Specialty Formulations has syncromesh GL-4/5 formulas in both weights.

MTL-P: http://specialtyformulations.netfir...&goto=www.specialtyformulations.com/MTL-P.htm

MTL-R: http://specialtyformulations.netfir...&goto=www.specialtyformulations.com/MTL-R.htm


----------



## Sethticlees (May 30, 2002)

red 02 specv said:


> What gear oil is the best for a manual trans in a 95 200sx SER. i just put in an exody stage 1 clutch and jim wolf flywheel.



Red Line MT-90:thumbup:


----------



## Bror Jace (Apr 26, 2003)

*Sethticles*, I used to use Red Line MT-90 (and MTL in my old Civic) but the Specialty Formulations products are better ... and available at around the same price.

I was in an AutoZone today and I saw Mobil 1 75W-140 for close to $15 per quart. 

Amazing what people will pay for products that are just so-so. :lame:


----------



## red 02 specv (Mar 28, 2004)

have you guys heard of GM syncro mesh? my friend used it in his civic and it seemed to smooth everything out.

API GL-4 80W-90


----------



## azkicker0027 (May 31, 2002)

Castrol 80w-90 synthetic XJ.


----------



## Bror Jace (Apr 26, 2003)

Yes, I have heard of GM syncromesh (both kinds).
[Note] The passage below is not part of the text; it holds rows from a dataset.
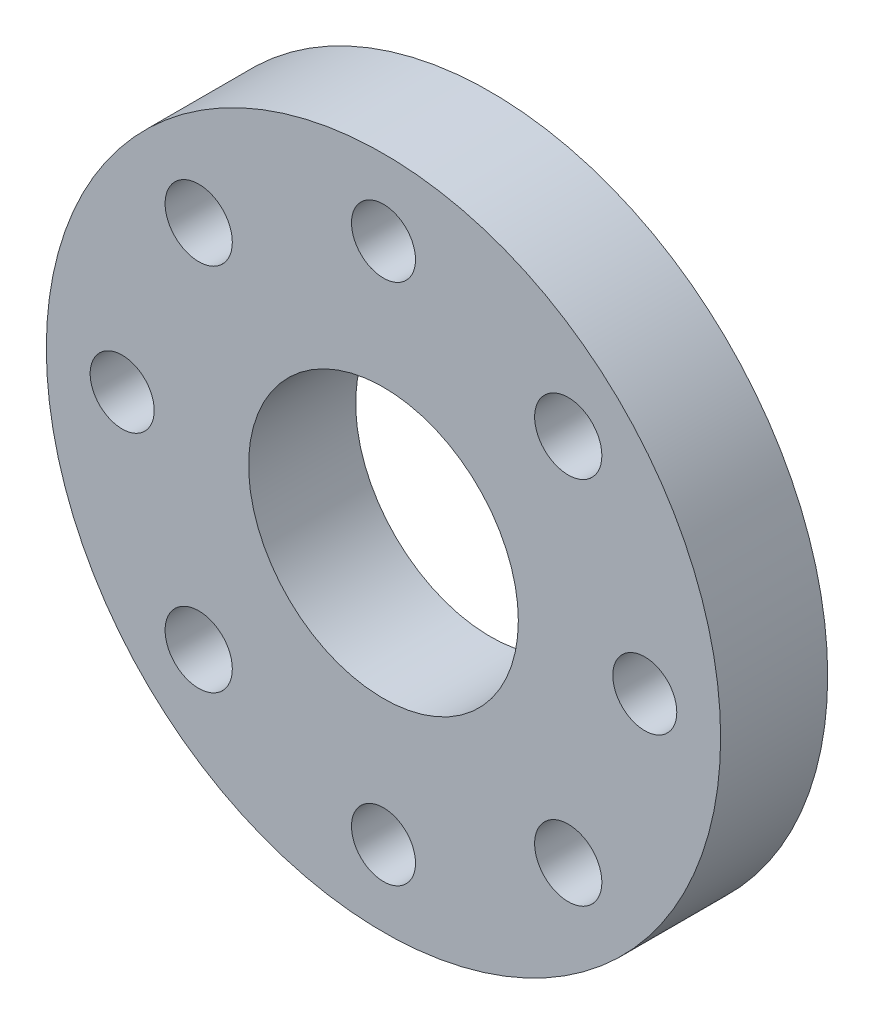
ISO-10303-21;
HEADER;
FILE_DESCRIPTION(('STEP AP214'),'2;1');
FILE_NAME('part.step','',(''),(''),'','','');
FILE_SCHEMA(('AUTOMOTIVE_DESIGN { 1 0 10303 214 1 1 1 1 }'));
ENDSEC;
DATA;
#1=APPLICATION_CONTEXT('core data for automotive mechanical design processes');
#2=APPLICATION_PROTOCOL_DEFINITION('international standard','automotive_design',2000,#1);
#3=PRODUCT_CONTEXT('',#1,'mechanical');
#4=PRODUCT('Part','Part','',(#3));
#5=PRODUCT_RELATED_PRODUCT_CATEGORY('part','',(#4));
#6=PRODUCT_DEFINITION_FORMATION('','',#4);
#7=PRODUCT_DEFINITION_CONTEXT('part definition',#1,'design');
#8=PRODUCT_DEFINITION('design','',#6,#7);
#9=PRODUCT_DEFINITION_SHAPE('','',#8);
#10=(LENGTH_UNIT() NAMED_UNIT(*) SI_UNIT(.MILLI.,.METRE.));
#11=(NAMED_UNIT(*) PLANE_ANGLE_UNIT() SI_UNIT($,.RADIAN.));
#12=(NAMED_UNIT(*) SI_UNIT($,.STERADIAN.) SOLID_ANGLE_UNIT());
#13=UNCERTAINTY_MEASURE_WITH_UNIT(LENGTH_MEASURE(1.E-05),#10,'distance_accuracy_value','');
#14=(GEOMETRIC_REPRESENTATION_CONTEXT(3) GLOBAL_UNCERTAINTY_ASSIGNED_CONTEXT((#13)) GLOBAL_UNIT_ASSIGNED_CONTEXT((#10,
#11,#12)) REPRESENTATION_CONTEXT('',''));
#15=CARTESIAN_POINT('',(0.,0.,0.));
#16=DIRECTION('',(0.,0.,1.));
#17=DIRECTION('',(1.,0.,0.));
#18=AXIS2_PLACEMENT_3D('',#15,#16,#17);
#19=CARTESIAN_POINT('',(0.,0.,6.35));
#20=DIRECTION('',(0.,0.,1.));
#21=DIRECTION('',(1.,0.,0.));
#22=AXIS2_PLACEMENT_3D('',#19,#20,#21);
#23=PLANE('',#22);
#24=CARTESIAN_POINT('',(15.5,0.,6.35));
#25=DIRECTION('',(0.,0.,1.));
#26=DIRECTION('',(1.,0.,0.));
#27=AXIS2_PLACEMENT_3D('',#24,#25,#26);
#28=CIRCLE('',#27,1.89865);
#29=CARTESIAN_POINT('',(17.39865,0.,6.35));
#30=VERTEX_POINT('',#29);
#31=EDGE_CURVE('E83',#30,#30,#28,.T.);
#32=ORIENTED_EDGE('',*,*,#31,.F.);
#33=EDGE_LOOP('',(#32));
#34=FACE_BOUND('',#33,.T.);
#35=CARTESIAN_POINT('',(0.,15.5,6.35));
#36=DIRECTION('',(0.,0.,1.));
#37=DIRECTION('',(1.,0.,0.));
#38=AXIS2_PLACEMENT_3D('',#35,#36,#37);
#39=CIRCLE('',#38,1.89865);
#40=CARTESIAN_POINT('',(1.89865,15.5,6.35));
#41=VERTEX_POINT('',#40);
#42=EDGE_CURVE('E71',#41,#41,#39,.T.);
#43=ORIENTED_EDGE('',*,*,#42,.F.);
#44=EDGE_LOOP('',(#43));
#45=FACE_BOUND('',#44,.T.);
#46=CARTESIAN_POINT('',(-15.5,0.,6.35));
#47=DIRECTION('',(0.,0.,1.));
#48=DIRECTION('',(1.,0.,0.));
#49=AXIS2_PLACEMENT_3D('',#46,#47,#48);
#50=CIRCLE('',#49,1.89865);
#51=CARTESIAN_POINT('',(-13.60135,0.,6.35));
#52=VERTEX_POINT('',#51);
#53=EDGE_CURVE('E59',#52,#52,#50,.T.);
#54=ORIENTED_EDGE('',*,*,#53,.F.);
#55=EDGE_LOOP('',(#54));
#56=FACE_BOUND('',#55,.T.);
#57=CARTESIAN_POINT('',(0.,-15.5,6.35));
#58=DIRECTION('',(0.,0.,1.));
#59=DIRECTION('',(1.,0.,0.));
#60=AXIS2_PLACEMENT_3D('',#57,#58,#59);
#61=CIRCLE('',#60,1.89865);
#62=CARTESIAN_POINT('',(1.89865,-15.5,6.35));
#63=VERTEX_POINT('',#62);
#64=EDGE_CURVE('E47',#63,#63,#61,.T.);
#65=ORIENTED_EDGE('',*,*,#64,.F.);
#66=EDGE_LOOP('',(#65));
#67=FACE_BOUND('',#66,.T.);
#68=CARTESIAN_POINT('',(0.,0.,6.35));
#69=DIRECTION('',(0.,0.,1.));
#70=DIRECTION('',(1.,0.,0.));
#71=AXIS2_PLACEMENT_3D('',#68,#69,#70);
#72=CIRCLE('',#71,20.);
#73=CARTESIAN_POINT('',(20.,0.,6.35));
#74=VERTEX_POINT('',#73);
#75=EDGE_CURVE('E10',#74,#74,#72,.T.);
#76=ORIENTED_EDGE('',*,*,#75,.T.);
#77=EDGE_LOOP('',(#76));
#78=FACE_BOUND('',#77,.T.);
#79=CARTESIAN_POINT('',(0.,0.,6.35));
#80=DIRECTION('',(0.,0.,1.));
#81=DIRECTION('',(1.,0.,0.));
#82=AXIS2_PLACEMENT_3D('',#79,#80,#81);
#83=CIRCLE('',#82,8.);
#84=CARTESIAN_POINT('',(8.,0.,6.35));
#85=VERTEX_POINT('',#84);
#86=EDGE_CURVE('E42',#85,#85,#83,.T.);
#87=ORIENTED_EDGE('',*,*,#86,.F.);
#88=EDGE_LOOP('',(#87));
#89=FACE_BOUND('',#88,.T.);
#90=CARTESIAN_POINT('',(10.9601551083915,-10.9601551083915,6.35));
#91=DIRECTION('',(0.,0.,1.));
#92=DIRECTION('',(1.,0.,0.));
#93=AXIS2_PLACEMENT_3D('',#90,#91,#92);
#94=CIRCLE('',#93,1.9939);
#95=CARTESIAN_POINT('',(12.9540551083915,-10.9601551083915,6.35));
#96=VERTEX_POINT('',#95);
#97=EDGE_CURVE('E53',#96,#96,#94,.T.);
#98=ORIENTED_EDGE('',*,*,#97,.F.);
#99=EDGE_LOOP('',(#98));
#100=FACE_BOUND('',#99,.T.);
#101=CARTESIAN_POINT('',(-10.9601551083915,-10.9601551083915,6.35));
#102=DIRECTION('',(0.,0.,1.));
#103=DIRECTION('',(1.,0.,0.));
#104=AXIS2_PLACEMENT_3D('',#101,#102,#103);
#105=CIRCLE('',#104,1.9939);
#106=CARTESIAN_POINT('',(-8.96625510839147,-10.9601551083915,6.35));
#107=VERTEX_POINT('',#106);
#108=EDGE_CURVE('E65',#107,#107,#105,.T.);
#109=ORIENTED_EDGE('',*,*,#108,.F.);
#110=EDGE_LOOP('',(#109));
#111=FACE_BOUND('',#110,.T.);
#112=CARTESIAN_POINT('',(-10.9601551083915,10.9601551083915,6.35));
#113=DIRECTION('',(0.,0.,1.));
#114=DIRECTION('',(1.,0.,0.));
#115=AXIS2_PLACEMENT_3D('',#112,#113,#114);
#116=CIRCLE('',#115,1.9939);
#117=CARTESIAN_POINT('',(-8.96625510839151,10.9601551083915,6.35));
#118=VERTEX_POINT('',#117);
#119=EDGE_CURVE('E77',#118,#118,#116,.T.);
#120=ORIENTED_EDGE('',*,*,#119,.F.);
#121=EDGE_LOOP('',(#120));
#122=FACE_BOUND('',#121,.T.);
#123=CARTESIAN_POINT('',(10.9601551083915,10.9601551083915,6.35));
#124=DIRECTION('',(0.,0.,1.));
#125=DIRECTION('',(1.,0.,0.));
#126=AXIS2_PLACEMENT_3D('',#123,#124,#125);
#127=CIRCLE('',#126,1.9939);
#128=CARTESIAN_POINT('',(12.9540551083915,10.9601551083915,6.35));
#129=VERTEX_POINT('',#128);
#130=EDGE_CURVE('E89',#129,#129,#127,.T.);
#131=ORIENTED_EDGE('',*,*,#130,.F.);
#132=EDGE_LOOP('',(#131));
#133=FACE_BOUND('',#132,.T.);
#134=ADVANCED_FACE('F31',(#34,#45,#56,#67,#78,#89,#100,#111,#122,#133),#23,.T.);
#135=CARTESIAN_POINT('',(0.,0.,0.));
#136=DIRECTION('',(0.,0.,1.));
#137=DIRECTION('',(1.,0.,0.));
#138=AXIS2_PLACEMENT_3D('',#135,#136,#137);
#139=PLANE('',#138);
#140=CARTESIAN_POINT('',(0.,0.,0.));
#141=DIRECTION('',(0.,0.,1.));
#142=DIRECTION('',(1.,0.,0.));
#143=AXIS2_PLACEMENT_3D('',#140,#141,#142);
#144=CIRCLE('',#143,20.);
#145=CARTESIAN_POINT('',(20.,0.,0.));
#146=VERTEX_POINT('',#145);
#147=EDGE_CURVE('E35',#146,#146,#144,.T.);
#148=ORIENTED_EDGE('',*,*,#147,.F.);
#149=EDGE_LOOP('',(#148));
#150=FACE_BOUND('',#149,.T.);
#151=CARTESIAN_POINT('',(0.,0.,0.));
#152=DIRECTION('',(0.,0.,1.));
#153=DIRECTION('',(1.,0.,0.));
#154=AXIS2_PLACEMENT_3D('',#151,#152,#153);
#155=CIRCLE('',#154,8.);
#156=CARTESIAN_POINT('',(8.,0.,0.));
#157=VERTEX_POINT('',#156);
#158=EDGE_CURVE('E44',#157,#157,#155,.T.);
#159=ORIENTED_EDGE('',*,*,#158,.T.);
#160=EDGE_LOOP('',(#159));
#161=FACE_BOUND('',#160,.T.);
#162=CARTESIAN_POINT('',(0.,-15.5,0.));
#163=DIRECTION('',(0.,0.,1.));
#164=DIRECTION('',(1.,0.,0.));
#165=AXIS2_PLACEMENT_3D('',#162,#163,#164);
#166=CIRCLE('',#165,1.89865);
#167=CARTESIAN_POINT('',(1.89865,-15.5,0.));
#168=VERTEX_POINT('',#167);
#169=EDGE_CURVE('E50',#168,#168,#166,.T.);
#170=ORIENTED_EDGE('',*,*,#169,.T.);
#171=EDGE_LOOP('',(#170));
#172=FACE_BOUND('',#171,.T.);
#173=CARTESIAN_POINT('',(10.9601551083915,-10.9601551083915,0.));
#174=DIRECTION('',(0.,0.,1.));
#175=DIRECTION('',(1.,0.,0.));
#176=AXIS2_PLACEMENT_3D('',#173,#174,#175);
#177=CIRCLE('',#176,1.9939);
#178=CARTESIAN_POINT('',(12.9540551083915,-10.9601551083915,0.));
#179=VERTEX_POINT('',#178);
#180=EDGE_CURVE('E56',#179,#179,#177,.T.);
#181=ORIENTED_EDGE('',*,*,#180,.T.);
#182=EDGE_LOOP('',(#181));
#183=FACE_BOUND('',#182,.T.);
#184=CARTESIAN_POINT('',(-15.5,0.,0.));
#185=DIRECTION('',(0.,0.,1.));
#186=DIRECTION('',(1.,0.,0.));
#187=AXIS2_PLACEMENT_3D('',#184,#185,#186);
#188=CIRCLE('',#187,1.89865);
#189=CARTESIAN_POINT('',(-13.60135,0.,0.));
#190=VERTEX_POINT('',#189);
#191=EDGE_CURVE('E62',#190,#190,#188,.T.);
#192=ORIENTED_EDGE('',*,*,#191,.T.);
#193=EDGE_LOOP('',(#192));
#194=FACE_BOUND('',#193,.T.);
#195=CARTESIAN_POINT('',(-10.9601551083915,-10.9601551083915,0.));
#196=DIRECTION('',(0.,0.,1.));
#197=DIRECTION('',(1.,0.,0.));
#198=AXIS2_PLACEMENT_3D('',#195,#196,#197);
#199=CIRCLE('',#198,1.9939);
#200=CARTESIAN_POINT('',(-8.96625510839147,-10.9601551083915,0.));
#201=VERTEX_POINT('',#200);
#202=EDGE_CURVE('E68',#201,#201,#199,.T.);
#203=ORIENTED_EDGE('',*,*,#202,.T.);
#204=EDGE_LOOP('',(#203));
#205=FACE_BOUND('',#204,.T.);
#206=CARTESIAN_POINT('',(0.,15.5,0.));
#207=DIRECTION('',(0.,0.,1.));
#208=DIRECTION('',(1.,0.,0.));
#209=AXIS2_PLACEMENT_3D('',#206,#207,#208);
#210=CIRCLE('',#209,1.89865);
#211=CARTESIAN_POINT('',(1.89865,15.5,0.));
#212=VERTEX_POINT('',#211);
#213=EDGE_CURVE('E74',#212,#212,#210,.T.);
#214=ORIENTED_EDGE('',*,*,#213,.T.);
#215=EDGE_LOOP('',(#214));
#216=FACE_BOUND('',#215,.T.);
#217=CARTESIAN_POINT('',(-10.9601551083915,10.9601551083915,0.));
#218=DIRECTION('',(0.,0.,1.));
#219=DIRECTION('',(1.,0.,0.));
#220=AXIS2_PLACEMENT_3D('',#217,#218,#219);
#221=CIRCLE('',#220,1.9939);
#222=CARTESIAN_POINT('',(-8.96625510839151,10.9601551083915,0.));
#223=VERTEX_POINT('',#222);
#224=EDGE_CURVE('E80',#223,#223,#221,.T.);
#225=ORIENTED_EDGE('',*,*,#224,.T.);
#226=EDGE_LOOP('',(#225));
#227=FACE_BOUND('',#226,.T.);
#228=CARTESIAN_POINT('',(15.5,0.,0.));
#229=DIRECTION('',(0.,0.,1.));
#230=DIRECTION('',(1.,0.,0.));
#231=AXIS2_PLACEMENT_3D('',#228,#229,#230);
#232=CIRCLE('',#231,1.89865);
#233=CARTESIAN_POINT('',(17.39865,0.,0.));
#234=VERTEX_POINT('',#233);
#235=EDGE_CURVE('E86',#234,#234,#232,.T.);
#236=ORIENTED_EDGE('',*,*,#235,.T.);
#237=EDGE_LOOP('',(#236));
#238=FACE_BOUND('',#237,.T.);
#239=CARTESIAN_POINT('',(10.9601551083915,10.9601551083915,0.));
#240=DIRECTION('',(0.,0.,1.));
#241=DIRECTION('',(1.,0.,0.));
#242=AXIS2_PLACEMENT_3D('',#239,#240,#241);
#243=CIRCLE('',#242,1.9939);
#244=CARTESIAN_POINT('',(12.9540551083915,10.9601551083915,0.));
#245=VERTEX_POINT('',#244);
#246=EDGE_CURVE('E92',#245,#245,#243,.T.);
#247=ORIENTED_EDGE('',*,*,#246,.T.);
#248=EDGE_LOOP('',(#247));
#249=FACE_BOUND('',#248,.T.);
#250=ADVANCED_FACE('F102',(#150,#161,#172,#183,#194,#205,#216,#227,#238,#249),#139,.F.);
#251=CARTESIAN_POINT('',(0.,0.,6.35));
#252=DIRECTION('',(0.,0.,-1.));
#253=DIRECTION('',(-1.,0.,0.));
#254=AXIS2_PLACEMENT_3D('',#251,#252,#253);
#255=CYLINDRICAL_SURFACE('',#254,20.);
#256=ORIENTED_EDGE('',*,*,#75,.F.);
#257=EDGE_LOOP('',(#256));
#258=FACE_BOUND('',#257,.T.);
#259=ORIENTED_EDGE('',*,*,#147,.T.);
#260=EDGE_LOOP('',(#259));
#261=FACE_BOUND('',#260,.T.);
#262=ADVANCED_FACE('F33',(#258,#261),#255,.T.);
#263=CARTESIAN_POINT('',(0.,0.,6.35));
#264=DIRECTION('',(0.,0.,-1.));
#265=DIRECTION('',(-1.,0.,0.));
#266=AXIS2_PLACEMENT_3D('',#263,#264,#265);
#267=CYLINDRICAL_SURFACE('',#266,8.);
#268=ORIENTED_EDGE('',*,*,#86,.T.);
#269=EDGE_LOOP('',(#268));
#270=FACE_BOUND('',#269,.T.);
#271=ORIENTED_EDGE('',*,*,#158,.F.);
#272=EDGE_LOOP('',(#271));
#273=FACE_BOUND('',#272,.T.);
#274=ADVANCED_FACE('F112',(#270,#273),#267,.F.);
#275=CARTESIAN_POINT('',(0.,-15.5,6.35));
#276=DIRECTION('',(0.,0.,-1.));
#277=DIRECTION('',(-1.,0.,0.));
#278=AXIS2_PLACEMENT_3D('',#275,#276,#277);
#279=CYLINDRICAL_SURFACE('',#278,1.89865);
#280=ORIENTED_EDGE('',*,*,#64,.T.);
#281=EDGE_LOOP('',(#280));
#282=FACE_BOUND('',#281,.T.);
#283=ORIENTED_EDGE('',*,*,#169,.F.);
#284=EDGE_LOOP('',(#283));
#285=FACE_BOUND('',#284,.T.);
#286=ADVANCED_FACE('F115',(#282,#285),#279,.F.);
#287=CARTESIAN_POINT('',(10.9601551083915,-10.9601551083915,6.35));
#288=DIRECTION('',(0.,0.,-1.));
#289=DIRECTION('',(-1.,0.,0.));
#290=AXIS2_PLACEMENT_3D('',#287,#288,#289);
#291=CYLINDRICAL_SURFACE('',#290,1.9939);
#292=ORIENTED_EDGE('',*,*,#97,.T.);
#293=EDGE_LOOP('',(#292));
#294=FACE_BOUND('',#293,.T.);
#295=ORIENTED_EDGE('',*,*,#180,.F.);
#296=EDGE_LOOP('',(#295));
#297=FACE_BOUND('',#296,.T.);
#298=ADVANCED_FACE('F119',(#294,#297),#291,.F.);
#299=CARTESIAN_POINT('',(-15.5,0.,6.35));
#300=DIRECTION('',(0.,0.,-1.));
#301=DIRECTION('',(-1.,0.,0.));
#302=AXIS2_PLACEMENT_3D('',#299,#300,#301);
#303=CYLINDRICAL_SURFACE('',#302,1.89865);
#304=ORIENTED_EDGE('',*,*,#53,.T.);
#305=EDGE_LOOP('',(#304));
#306=FACE_BOUND('',#305,.T.);
#307=ORIENTED_EDGE('',*,*,#191,.F.);
#308=EDGE_LOOP('',(#307));
#309=FACE_BOUND('',#308,.T.);
#310=ADVANCED_FACE('F123',(#306,#309),#303,.F.);
#311=CARTESIAN_POINT('',(-10.9601551083915,-10.9601551083915,6.35));
#312=DIRECTION('',(0.,0.,-1.));
#313=DIRECTION('',(-1.,0.,0.));
#314=AXIS2_PLACEMENT_3D('',#311,#312,#313);
#315=CYLINDRICAL_SURFACE('',#314,1.9939);
#316=ORIENTED_EDGE('',*,*,#108,.T.);
#317=EDGE_LOOP('',(#316));
#318=FACE_BOUND('',#317,.T.);
#319=ORIENTED_EDGE('',*,*,#202,.F.);
#320=EDGE_LOOP('',(#319));
#321=FACE_BOUND('',#320,.T.);
#322=ADVANCED_FACE('F127',(#318,#321),#315,.F.);
#323=CARTESIAN_POINT('',(0.,15.5,6.35));
#324=DIRECTION('',(0.,0.,-1.));
#325=DIRECTION('',(-1.,0.,0.));
#326=AXIS2_PLACEMENT_3D('',#323,#324,#325);
#327=CYLINDRICAL_SURFACE('',#326,1.89865);
#328=ORIENTED_EDGE('',*,*,#42,.T.);
#329=EDGE_LOOP('',(#328));
#330=FACE_BOUND('',#329,.T.);
#331=ORIENTED_EDGE('',*,*,#213,.F.);
#332=EDGE_LOOP('',(#331));
#333=FACE_BOUND('',#332,.T.);
#334=ADVANCED_FACE('F131',(#330,#333),#327,.F.);
#335=CARTESIAN_POINT('',(-10.9601551083915,10.9601551083915,6.35));
#336=DIRECTION('',(0.,0.,-1.));
#337=DIRECTION('',(-1.,0.,0.));
#338=AXIS2_PLACEMENT_3D('',#335,#336,#337);
#339=CYLINDRICAL_SURFACE('',#338,1.9939);
#340=ORIENTED_EDGE('',*,*,#119,.T.);
#341=EDGE_LOOP('',(#340));
#342=FACE_BOUND('',#341,.T.);
#343=ORIENTED_EDGE('',*,*,#224,.F.);
#344=EDGE_LOOP('',(#343));
#345=FACE_BOUND('',#344,.T.);
#346=ADVANCED_FACE('F135',(#342,#345),#339,.F.);
#347=CARTESIAN_POINT('',(15.5,0.,6.35));
#348=DIRECTION('',(0.,0.,-1.));
#349=DIRECTION('',(-1.,0.,0.));
#350=AXIS2_PLACEMENT_3D('',#347,#348,#349);
#351=CYLINDRICAL_SURFACE('',#350,1.89865);
#352=ORIENTED_EDGE('',*,*,#31,.T.);
#353=EDGE_LOOP('',(#352));
#354=FACE_BOUND('',#353,.T.);
#355=ORIENTED_EDGE('',*,*,#235,.F.);
#356=EDGE_LOOP('',(#355));
#357=FACE_BOUND('',#356,.T.);
#358=ADVANCED_FACE('F139',(#354,#357),#351,.F.);
#359=CARTESIAN_POINT('',(10.9601551083915,10.9601551083915,6.35));
#360=DIRECTION('',(0.,0.,-1.));
#361=DIRECTION('',(-1.,0.,0.));
#362=AXIS2_PLACEMENT_3D('',#359,#360,#361);
#363=CYLINDRICAL_SURFACE('',#362,1.9939);
#364=ORIENTED_EDGE('',*,*,#130,.T.);
#365=EDGE_LOOP('',(#364));
#366=FACE_BOUND('',#365,.T.);
#367=ORIENTED_EDGE('',*,*,#246,.F.);
#368=EDGE_LOOP('',(#367));
#369=FACE_BOUND('',#368,.T.);
#370=ADVANCED_FACE('F98',(#366,#369),#363,.F.);
#371=CLOSED_SHELL('',(#134,#250,#262,#274,#286,#298,#310,#322,#334,#346,#358,#370));
#372=MANIFOLD_SOLID_BREP('B2',#371);
#373=ADVANCED_BREP_SHAPE_REPRESENTATION('',(#18,#372),#14);
#374=SHAPE_DEFINITION_REPRESENTATION(#9,#373);
ENDSEC;
END-ISO-10303-21;

Measuring its weight, it's far too thin for our cars ... as well as Hondas.

GM Syncromesh is something like a 9.0 - 9.5 cSt. (cSt = weight in centistrokes)

Our cars require something like a 12.0 - 12.5 cSt.

If that Castrol 80W-90 (a mineral-based lube - probably a 15.0 - 16.0 cSt) smells strongly of sulphur, I wouldn't touch it with a 10' pole. That's an antique additive pack ... and mineral oils around here would suck MIGHTILY in the winter.


----------



## Char (Jun 16, 2005)

lol Everyone always says different brands.. but I am currious about one thing. Is transmission like the engine, if it has high milage dont go with something like synthetic? I wont need to change my transmission for awhile, though it has just normal gear oil in it right now (for free from where I work, figured why not) but it SUCKS during really cold winters and I May change it during this winter.


----------



## Bror Jace (Apr 26, 2003)

*Char*, I think the leaking-with-synthetic is mostly a thing of the past and I've _never_ heard of a manual tranny leaking after a switch to a synthetic gear oil. As a matter of fact, the esters used in Red Line and Specialty Formulations are used as seal conditioners in some of the "high-mileage" oils.

I can't imagine driving my car with a mineral 80W-90 in it during the winter.


----------



## Sethticlees (May 30, 2002)

Bror Jace said:


> I used to use Red Line MT-90 (and MTL in my old Civic) but the Specialty Formulations products are better ... and available at around the same price.



IMHO, I honestly don't think it is possible to exceed the quality and smoothness of shifts when using MT-90 in my car. For reasons beyond me this lube has proven the best performance and smoothest driving experience my car has seen to date.
Having tried other high performance fluids and being drastically disappointed I feel Red Line MT-90 is a sure thing when it comes to delivering results. Driver approved!


Not to say Specialty Formulations products aren’t great, I can nether advise nor speculate on their oils.

All I know is a sure thing and when it comes to gear oil my trans performs best with MT-90. 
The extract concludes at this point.